As the flood waters recede in Pakistan, the danger of infection among the flood victims rises.  Experts say the camps where people have taken shelter are potential breeding grounds for malaria, cholera, and other gastrointestinal diseases.

Most people in these camps are already complaining of infections caused by contaminated water. Amanullah Khan worries about his children.

Amanullah Khan
Amanullah Khan

"The skin of [the] children's feet is getting infected," Khan said. "They also have upset stomachs and gastric problems. All sorts of ailments are affecting them. They are also getting eye infections."

When people with diarrhea and upset stomachs feel dehydrated, they will drink dirty water, if it's the only water available - and expose themselves to still more disease.

Dr Anthony Fauci, Director of the U.S. National Institute of Allergy and Infectious Diseases [NIAID] says contaminated water can lead to not just one, but many infections.

"You could get hepatitis, you could get e-coli, you could get salmonella, and you can get dysentery," he said. "So the possibilities of diarrheal-born diseases are enormous when you have such a catastrophe of this magnitude where you have tens of millions of people displaced in conditions where you don't have clean water."

So far more than 1,600 people have died in Pakistan and more than six million others are homeless, according to a United Nations report. The U.N. also reports more than 120,000 cases of suspected dengue fever and malaria.  Millions also suffer from diarrhea, respiratory illnesses, and skin infections.

Dr Peter Hotez is an expert in tropical medicine at George Washington University. He is concerned that the intense summer heat and the lack of good hygiene create the perfect conditions for a cholera epidemic.

"The reason I am so concerned about cholera is that we know that when people are living under extreme circumstances where there are breakdowns in sanitation such as in the flood waters of Pakistan, we know that cholera can emerge in violent epidemic outbreaks," he said.

Health facilities in the camps are so thinly spread that cases of acute diarrhea are being treated as though they were cholera, just as a precaution.

Dr.
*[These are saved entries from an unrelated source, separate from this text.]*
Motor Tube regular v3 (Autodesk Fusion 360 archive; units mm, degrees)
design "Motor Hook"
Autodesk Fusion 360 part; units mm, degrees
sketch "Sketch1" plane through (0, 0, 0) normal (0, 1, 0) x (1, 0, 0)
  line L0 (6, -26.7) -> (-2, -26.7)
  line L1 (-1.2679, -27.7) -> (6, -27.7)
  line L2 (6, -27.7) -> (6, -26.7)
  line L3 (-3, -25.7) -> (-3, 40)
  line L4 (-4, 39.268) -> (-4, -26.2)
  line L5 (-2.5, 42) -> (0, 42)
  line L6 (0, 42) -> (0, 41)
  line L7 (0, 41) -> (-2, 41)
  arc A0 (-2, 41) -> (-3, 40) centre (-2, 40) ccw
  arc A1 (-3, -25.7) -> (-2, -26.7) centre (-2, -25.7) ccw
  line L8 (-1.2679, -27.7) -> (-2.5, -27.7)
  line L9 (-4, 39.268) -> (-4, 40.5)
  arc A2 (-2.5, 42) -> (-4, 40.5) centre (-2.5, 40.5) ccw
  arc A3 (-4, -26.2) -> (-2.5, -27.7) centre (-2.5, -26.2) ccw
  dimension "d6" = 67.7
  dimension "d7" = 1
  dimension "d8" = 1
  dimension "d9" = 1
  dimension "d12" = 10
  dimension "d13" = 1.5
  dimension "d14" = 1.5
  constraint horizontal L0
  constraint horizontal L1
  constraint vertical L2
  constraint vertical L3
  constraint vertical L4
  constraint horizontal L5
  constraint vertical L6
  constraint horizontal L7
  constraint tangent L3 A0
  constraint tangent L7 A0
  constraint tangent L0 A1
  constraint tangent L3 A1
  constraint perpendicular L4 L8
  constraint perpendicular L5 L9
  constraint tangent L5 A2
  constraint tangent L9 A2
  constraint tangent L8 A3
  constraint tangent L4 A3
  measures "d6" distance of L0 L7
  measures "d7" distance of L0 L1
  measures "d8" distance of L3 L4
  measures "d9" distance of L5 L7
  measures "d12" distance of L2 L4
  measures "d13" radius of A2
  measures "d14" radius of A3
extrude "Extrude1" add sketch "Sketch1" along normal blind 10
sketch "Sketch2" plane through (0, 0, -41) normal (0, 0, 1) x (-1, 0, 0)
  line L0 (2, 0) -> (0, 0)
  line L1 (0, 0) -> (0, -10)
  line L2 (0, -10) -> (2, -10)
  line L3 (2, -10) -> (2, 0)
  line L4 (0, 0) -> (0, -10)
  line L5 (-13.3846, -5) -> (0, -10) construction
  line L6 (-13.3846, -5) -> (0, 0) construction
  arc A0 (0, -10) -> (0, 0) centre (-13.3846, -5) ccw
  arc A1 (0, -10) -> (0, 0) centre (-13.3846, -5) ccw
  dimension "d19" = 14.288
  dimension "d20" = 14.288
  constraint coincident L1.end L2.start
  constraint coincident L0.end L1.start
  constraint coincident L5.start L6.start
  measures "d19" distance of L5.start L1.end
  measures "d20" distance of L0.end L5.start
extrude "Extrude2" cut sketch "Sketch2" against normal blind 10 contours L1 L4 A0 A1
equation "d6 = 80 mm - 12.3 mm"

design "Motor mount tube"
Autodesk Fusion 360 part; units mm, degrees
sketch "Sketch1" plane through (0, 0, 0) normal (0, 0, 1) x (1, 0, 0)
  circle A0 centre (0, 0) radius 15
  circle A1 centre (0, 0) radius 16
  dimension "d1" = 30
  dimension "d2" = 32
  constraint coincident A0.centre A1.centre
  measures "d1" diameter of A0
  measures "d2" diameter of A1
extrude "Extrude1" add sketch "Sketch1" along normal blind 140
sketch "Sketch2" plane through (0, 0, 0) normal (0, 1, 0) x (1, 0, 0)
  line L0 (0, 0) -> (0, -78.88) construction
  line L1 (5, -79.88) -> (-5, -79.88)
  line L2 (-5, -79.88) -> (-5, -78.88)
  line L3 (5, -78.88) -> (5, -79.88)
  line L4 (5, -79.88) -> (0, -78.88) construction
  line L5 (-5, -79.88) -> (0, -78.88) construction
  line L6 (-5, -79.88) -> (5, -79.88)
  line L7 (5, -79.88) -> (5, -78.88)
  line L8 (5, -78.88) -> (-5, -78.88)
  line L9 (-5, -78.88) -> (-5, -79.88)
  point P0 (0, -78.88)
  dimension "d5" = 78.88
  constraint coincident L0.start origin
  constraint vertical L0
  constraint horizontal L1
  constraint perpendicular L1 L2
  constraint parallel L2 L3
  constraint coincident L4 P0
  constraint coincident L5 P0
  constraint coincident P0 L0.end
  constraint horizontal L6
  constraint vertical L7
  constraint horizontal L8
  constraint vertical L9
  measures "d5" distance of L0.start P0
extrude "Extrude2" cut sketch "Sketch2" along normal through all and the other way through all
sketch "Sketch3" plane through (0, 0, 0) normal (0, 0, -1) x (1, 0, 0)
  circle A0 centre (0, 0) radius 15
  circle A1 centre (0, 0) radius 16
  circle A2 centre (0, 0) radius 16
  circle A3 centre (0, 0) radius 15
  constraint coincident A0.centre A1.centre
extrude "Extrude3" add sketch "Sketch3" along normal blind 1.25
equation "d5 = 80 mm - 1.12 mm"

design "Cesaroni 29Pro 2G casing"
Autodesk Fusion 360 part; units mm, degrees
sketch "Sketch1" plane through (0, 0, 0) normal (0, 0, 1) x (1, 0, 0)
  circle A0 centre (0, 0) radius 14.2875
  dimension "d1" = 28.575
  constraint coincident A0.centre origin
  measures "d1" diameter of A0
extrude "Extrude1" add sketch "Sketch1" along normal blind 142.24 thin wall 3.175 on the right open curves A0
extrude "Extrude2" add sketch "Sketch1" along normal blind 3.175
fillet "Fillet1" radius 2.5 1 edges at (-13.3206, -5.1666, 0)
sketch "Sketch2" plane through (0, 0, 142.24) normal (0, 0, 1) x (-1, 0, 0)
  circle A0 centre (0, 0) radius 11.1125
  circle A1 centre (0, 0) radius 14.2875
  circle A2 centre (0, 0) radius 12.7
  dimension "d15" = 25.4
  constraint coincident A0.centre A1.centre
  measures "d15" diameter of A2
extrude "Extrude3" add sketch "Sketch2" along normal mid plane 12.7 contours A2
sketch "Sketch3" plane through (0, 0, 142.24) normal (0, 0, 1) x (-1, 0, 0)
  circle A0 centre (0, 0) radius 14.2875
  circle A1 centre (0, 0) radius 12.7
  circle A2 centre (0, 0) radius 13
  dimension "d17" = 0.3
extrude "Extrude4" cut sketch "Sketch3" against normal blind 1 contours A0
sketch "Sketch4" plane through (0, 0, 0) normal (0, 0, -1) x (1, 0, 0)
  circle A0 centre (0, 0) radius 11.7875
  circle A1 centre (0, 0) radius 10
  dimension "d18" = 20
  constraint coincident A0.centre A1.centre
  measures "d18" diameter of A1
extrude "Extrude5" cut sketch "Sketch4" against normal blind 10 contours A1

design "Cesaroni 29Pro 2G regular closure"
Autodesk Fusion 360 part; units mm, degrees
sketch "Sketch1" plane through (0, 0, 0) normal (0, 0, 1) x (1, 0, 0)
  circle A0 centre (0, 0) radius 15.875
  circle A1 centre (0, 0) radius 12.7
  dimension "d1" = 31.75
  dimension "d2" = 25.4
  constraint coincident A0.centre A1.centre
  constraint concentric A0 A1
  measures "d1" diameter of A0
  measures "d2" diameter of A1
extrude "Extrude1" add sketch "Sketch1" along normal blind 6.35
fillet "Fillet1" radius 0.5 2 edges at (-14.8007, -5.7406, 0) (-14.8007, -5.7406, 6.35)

Hotez warns that cholera can kill within hours by causing diarrhea-based dehydration.  He says a vaccine is the cheapest way to protect a large population from this disease.  But if vaccines are not available, the next  best solution is to have cholera victims drink a simple solution of sugar and salt, in clean water.

"It's a very low-cost, simple life-saving technique that can prevent in some cases 90 percent of the deaths if delivered rapidly," Dr. Hotez said. "Oral rehydration, sitting and giving sips in larger quantities, and the key is to give the right amount of sugar and salt."

International agencies and local charities are providing basic medicines, such as anti-malarial tablets, antibiotics, and oral rehydration packets to avoid severe dehydration. But with millions of people still homeless, and aid agencies fear that a health crisis could still be brewing.